═══ GIVEN DATA ═══

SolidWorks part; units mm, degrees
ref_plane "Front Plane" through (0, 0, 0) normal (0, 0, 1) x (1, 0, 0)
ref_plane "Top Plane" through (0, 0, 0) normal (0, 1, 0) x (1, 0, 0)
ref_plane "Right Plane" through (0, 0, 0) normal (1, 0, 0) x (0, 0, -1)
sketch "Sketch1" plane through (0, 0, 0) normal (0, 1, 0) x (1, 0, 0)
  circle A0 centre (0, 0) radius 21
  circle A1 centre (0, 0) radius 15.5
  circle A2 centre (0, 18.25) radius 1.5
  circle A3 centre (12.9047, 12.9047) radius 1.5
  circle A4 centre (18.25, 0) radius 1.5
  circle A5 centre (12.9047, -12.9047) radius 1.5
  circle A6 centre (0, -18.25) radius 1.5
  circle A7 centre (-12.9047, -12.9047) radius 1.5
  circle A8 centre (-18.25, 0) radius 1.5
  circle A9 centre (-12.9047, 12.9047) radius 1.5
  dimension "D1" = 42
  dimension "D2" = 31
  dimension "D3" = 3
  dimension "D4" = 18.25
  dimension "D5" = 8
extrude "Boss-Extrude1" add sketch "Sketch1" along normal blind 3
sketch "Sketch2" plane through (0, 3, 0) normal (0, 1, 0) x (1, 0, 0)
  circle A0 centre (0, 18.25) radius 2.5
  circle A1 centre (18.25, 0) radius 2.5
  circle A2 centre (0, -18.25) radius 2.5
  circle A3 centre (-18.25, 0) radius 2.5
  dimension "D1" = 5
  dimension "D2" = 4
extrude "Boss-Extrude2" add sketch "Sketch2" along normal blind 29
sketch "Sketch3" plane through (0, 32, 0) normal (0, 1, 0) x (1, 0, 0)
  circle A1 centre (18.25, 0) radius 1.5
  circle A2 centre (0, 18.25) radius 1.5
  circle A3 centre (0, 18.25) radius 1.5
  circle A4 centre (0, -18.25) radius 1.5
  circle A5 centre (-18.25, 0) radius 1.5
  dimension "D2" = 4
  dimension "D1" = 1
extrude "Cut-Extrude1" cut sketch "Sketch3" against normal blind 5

═══

_WHAT YOU SHOULD DO:_ Beginning at the first line of the data above, retype each line until you reach the line containing "plane through (0, 0, 0)", and include that one too. Add nothing else.

_TASK RESPONSE:_
SolidWorks part; units mm, degrees
ref_plane "Front Plane" through (0, 0, 0) normal (0, 0, 1) x (1, 0, 0)
ref_plane "Top Plane" through (0, 0, 0) normal (0, 1, 0) x (1, 0, 0)
ref_plane "Right Plane" through (0, 0, 0) normal (1, 0, 0) x (0, 0, -1)
sketch "Sketch1" plane through (0, 0, 0) normal (0, 1, 0) x (1, 0, 0)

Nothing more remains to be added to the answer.